PROBLEM STATEMENT: For this exercise, please find the lines in the entries that include the word "Inventor" and copy them.

Records contained in a dataset:
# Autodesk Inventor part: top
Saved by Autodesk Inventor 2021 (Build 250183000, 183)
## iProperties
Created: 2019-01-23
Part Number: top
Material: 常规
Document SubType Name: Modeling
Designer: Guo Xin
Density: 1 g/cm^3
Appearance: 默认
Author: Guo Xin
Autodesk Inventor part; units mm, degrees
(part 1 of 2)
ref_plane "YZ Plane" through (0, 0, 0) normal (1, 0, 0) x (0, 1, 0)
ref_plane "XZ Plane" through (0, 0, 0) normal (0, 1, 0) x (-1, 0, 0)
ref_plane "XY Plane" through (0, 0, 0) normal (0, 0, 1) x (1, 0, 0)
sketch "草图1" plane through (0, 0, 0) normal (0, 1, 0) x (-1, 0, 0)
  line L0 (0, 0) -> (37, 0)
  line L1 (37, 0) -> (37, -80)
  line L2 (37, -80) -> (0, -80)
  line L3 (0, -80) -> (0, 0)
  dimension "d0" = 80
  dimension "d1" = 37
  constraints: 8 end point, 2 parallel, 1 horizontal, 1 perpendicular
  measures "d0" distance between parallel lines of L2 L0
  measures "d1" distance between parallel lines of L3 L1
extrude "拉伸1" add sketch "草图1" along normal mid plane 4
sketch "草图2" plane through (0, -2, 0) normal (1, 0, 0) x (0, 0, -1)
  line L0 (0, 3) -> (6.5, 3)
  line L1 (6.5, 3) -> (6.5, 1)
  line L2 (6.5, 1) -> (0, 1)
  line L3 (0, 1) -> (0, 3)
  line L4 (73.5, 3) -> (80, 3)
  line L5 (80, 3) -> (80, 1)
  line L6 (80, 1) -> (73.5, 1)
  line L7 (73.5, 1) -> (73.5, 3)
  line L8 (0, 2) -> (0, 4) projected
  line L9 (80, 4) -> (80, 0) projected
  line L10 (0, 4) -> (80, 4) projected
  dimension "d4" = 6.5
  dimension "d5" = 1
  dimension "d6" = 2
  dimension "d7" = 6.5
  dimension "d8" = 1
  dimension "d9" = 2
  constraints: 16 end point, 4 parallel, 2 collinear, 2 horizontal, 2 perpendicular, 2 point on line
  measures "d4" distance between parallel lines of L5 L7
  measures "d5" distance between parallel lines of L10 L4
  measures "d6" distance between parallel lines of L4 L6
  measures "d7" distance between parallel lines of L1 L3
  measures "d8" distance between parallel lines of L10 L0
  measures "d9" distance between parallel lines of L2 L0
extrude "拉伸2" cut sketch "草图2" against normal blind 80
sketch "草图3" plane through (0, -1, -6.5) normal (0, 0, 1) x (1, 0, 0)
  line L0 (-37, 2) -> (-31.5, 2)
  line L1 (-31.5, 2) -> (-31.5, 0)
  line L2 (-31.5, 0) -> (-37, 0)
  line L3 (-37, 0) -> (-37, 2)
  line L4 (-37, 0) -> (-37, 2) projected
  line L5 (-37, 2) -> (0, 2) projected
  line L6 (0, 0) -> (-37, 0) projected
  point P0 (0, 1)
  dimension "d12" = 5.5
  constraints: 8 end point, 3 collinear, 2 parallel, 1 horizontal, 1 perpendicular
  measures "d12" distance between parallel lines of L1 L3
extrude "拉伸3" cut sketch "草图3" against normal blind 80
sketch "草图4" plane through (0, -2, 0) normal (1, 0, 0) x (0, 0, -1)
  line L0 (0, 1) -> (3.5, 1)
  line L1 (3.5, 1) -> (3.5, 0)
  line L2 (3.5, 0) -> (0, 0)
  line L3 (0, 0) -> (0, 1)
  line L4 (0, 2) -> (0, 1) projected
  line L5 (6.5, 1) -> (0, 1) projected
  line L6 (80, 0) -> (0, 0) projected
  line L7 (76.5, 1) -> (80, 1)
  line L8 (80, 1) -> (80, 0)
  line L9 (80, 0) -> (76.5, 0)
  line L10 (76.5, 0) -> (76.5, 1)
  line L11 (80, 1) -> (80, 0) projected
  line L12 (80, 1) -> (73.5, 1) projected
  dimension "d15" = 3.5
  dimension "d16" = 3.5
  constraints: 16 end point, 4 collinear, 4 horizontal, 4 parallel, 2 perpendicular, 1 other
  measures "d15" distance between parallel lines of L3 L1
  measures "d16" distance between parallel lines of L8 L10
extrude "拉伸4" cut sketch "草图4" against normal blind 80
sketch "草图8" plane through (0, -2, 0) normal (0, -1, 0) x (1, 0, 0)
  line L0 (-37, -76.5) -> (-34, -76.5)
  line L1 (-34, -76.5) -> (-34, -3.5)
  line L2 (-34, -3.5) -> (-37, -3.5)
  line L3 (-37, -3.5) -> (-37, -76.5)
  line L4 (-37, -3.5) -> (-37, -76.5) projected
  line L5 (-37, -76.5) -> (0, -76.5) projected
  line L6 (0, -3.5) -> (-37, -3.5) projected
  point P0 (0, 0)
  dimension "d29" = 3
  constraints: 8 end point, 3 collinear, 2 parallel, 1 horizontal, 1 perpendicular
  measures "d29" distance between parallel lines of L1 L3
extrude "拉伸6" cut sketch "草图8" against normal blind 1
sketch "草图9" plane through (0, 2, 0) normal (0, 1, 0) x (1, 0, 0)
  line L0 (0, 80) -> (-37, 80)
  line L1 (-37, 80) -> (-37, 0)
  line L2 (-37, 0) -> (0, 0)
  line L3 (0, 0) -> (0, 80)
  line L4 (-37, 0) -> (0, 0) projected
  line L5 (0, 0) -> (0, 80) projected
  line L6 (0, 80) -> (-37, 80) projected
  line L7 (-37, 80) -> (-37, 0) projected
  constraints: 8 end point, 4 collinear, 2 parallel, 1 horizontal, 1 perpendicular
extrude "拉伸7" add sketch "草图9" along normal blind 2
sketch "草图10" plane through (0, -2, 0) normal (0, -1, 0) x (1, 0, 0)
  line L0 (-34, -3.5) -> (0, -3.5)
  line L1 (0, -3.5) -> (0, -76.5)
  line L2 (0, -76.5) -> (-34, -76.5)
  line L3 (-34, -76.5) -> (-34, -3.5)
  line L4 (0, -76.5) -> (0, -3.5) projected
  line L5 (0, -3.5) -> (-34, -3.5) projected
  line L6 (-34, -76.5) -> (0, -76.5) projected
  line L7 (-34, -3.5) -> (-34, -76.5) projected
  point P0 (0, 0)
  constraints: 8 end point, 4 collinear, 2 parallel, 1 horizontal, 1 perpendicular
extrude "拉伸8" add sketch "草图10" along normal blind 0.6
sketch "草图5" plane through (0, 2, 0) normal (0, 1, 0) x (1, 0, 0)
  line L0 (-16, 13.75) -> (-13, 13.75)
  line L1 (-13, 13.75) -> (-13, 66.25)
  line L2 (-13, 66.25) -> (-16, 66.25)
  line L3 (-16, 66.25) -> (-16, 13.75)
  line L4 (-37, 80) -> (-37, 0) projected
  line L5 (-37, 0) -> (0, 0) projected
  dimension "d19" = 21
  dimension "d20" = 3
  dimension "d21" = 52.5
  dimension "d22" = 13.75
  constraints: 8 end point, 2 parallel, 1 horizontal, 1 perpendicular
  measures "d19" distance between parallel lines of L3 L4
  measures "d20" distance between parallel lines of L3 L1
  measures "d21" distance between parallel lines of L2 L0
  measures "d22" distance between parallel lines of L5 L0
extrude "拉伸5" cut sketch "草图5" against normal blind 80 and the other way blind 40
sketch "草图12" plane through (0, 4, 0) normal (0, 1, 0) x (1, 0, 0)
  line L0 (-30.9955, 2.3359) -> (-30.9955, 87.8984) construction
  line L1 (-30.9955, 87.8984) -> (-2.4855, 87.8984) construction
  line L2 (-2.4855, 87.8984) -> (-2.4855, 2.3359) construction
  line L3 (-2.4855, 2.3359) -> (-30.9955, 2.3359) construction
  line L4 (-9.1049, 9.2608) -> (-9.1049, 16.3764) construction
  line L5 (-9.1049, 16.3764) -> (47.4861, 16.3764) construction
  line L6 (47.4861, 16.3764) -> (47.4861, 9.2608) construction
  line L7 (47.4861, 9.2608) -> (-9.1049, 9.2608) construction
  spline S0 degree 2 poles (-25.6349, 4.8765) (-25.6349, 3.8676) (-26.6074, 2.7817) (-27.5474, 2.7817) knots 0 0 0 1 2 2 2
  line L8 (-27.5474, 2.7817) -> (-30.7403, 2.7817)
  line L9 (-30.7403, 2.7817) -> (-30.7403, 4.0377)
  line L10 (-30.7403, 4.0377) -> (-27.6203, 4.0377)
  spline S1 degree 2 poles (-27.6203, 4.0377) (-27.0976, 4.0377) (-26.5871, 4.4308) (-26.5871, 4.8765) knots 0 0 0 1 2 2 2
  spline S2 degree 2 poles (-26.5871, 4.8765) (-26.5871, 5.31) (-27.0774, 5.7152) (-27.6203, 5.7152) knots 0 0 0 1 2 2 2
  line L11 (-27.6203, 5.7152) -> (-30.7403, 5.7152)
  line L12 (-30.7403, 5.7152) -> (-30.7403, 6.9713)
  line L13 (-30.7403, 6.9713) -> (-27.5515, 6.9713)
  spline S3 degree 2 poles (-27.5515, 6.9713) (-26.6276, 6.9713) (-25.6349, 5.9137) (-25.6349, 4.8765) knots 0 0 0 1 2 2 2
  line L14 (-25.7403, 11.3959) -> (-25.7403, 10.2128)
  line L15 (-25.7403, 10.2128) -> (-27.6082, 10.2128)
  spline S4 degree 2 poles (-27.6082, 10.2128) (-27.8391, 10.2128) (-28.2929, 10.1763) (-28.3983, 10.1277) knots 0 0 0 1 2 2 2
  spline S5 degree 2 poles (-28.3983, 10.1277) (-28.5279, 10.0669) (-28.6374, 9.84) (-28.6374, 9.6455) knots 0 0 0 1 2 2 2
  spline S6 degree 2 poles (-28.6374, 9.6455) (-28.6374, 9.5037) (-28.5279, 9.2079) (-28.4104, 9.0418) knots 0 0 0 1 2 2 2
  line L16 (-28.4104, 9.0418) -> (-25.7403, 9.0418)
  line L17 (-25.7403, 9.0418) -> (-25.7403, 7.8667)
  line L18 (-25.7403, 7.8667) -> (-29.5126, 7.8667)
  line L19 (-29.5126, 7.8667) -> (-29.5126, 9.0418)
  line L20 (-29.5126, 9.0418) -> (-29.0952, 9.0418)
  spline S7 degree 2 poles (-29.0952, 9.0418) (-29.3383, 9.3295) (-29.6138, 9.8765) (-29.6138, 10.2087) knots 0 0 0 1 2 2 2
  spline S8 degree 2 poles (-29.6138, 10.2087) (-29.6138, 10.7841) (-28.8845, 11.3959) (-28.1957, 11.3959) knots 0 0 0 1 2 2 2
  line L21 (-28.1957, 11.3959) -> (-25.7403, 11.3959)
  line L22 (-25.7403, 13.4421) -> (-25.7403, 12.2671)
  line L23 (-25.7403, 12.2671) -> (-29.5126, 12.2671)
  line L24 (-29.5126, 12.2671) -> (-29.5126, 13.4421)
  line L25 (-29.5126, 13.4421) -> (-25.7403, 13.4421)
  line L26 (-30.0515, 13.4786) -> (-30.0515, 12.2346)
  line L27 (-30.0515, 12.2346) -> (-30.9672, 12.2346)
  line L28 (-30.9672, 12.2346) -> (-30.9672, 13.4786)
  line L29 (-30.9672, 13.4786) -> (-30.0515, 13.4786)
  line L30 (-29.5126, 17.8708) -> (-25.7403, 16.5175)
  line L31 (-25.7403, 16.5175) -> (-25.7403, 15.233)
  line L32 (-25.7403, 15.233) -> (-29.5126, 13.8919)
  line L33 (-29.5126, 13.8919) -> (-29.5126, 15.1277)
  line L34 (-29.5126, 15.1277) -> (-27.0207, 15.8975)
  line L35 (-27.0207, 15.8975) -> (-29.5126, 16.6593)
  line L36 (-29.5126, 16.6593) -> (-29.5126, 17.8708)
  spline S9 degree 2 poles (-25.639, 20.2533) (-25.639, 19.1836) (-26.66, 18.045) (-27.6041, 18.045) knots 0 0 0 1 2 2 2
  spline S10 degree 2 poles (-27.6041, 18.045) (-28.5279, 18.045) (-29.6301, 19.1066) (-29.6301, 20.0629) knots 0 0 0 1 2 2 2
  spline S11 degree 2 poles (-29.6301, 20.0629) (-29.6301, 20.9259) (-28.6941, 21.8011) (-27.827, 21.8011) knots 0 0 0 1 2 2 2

SOLUTION BELOW:
# Autodesk Inventor part: top
Saved by Autodesk Inventor 2021 (Build 250183000, 183)
Autodesk Inventor part; units mm, degrees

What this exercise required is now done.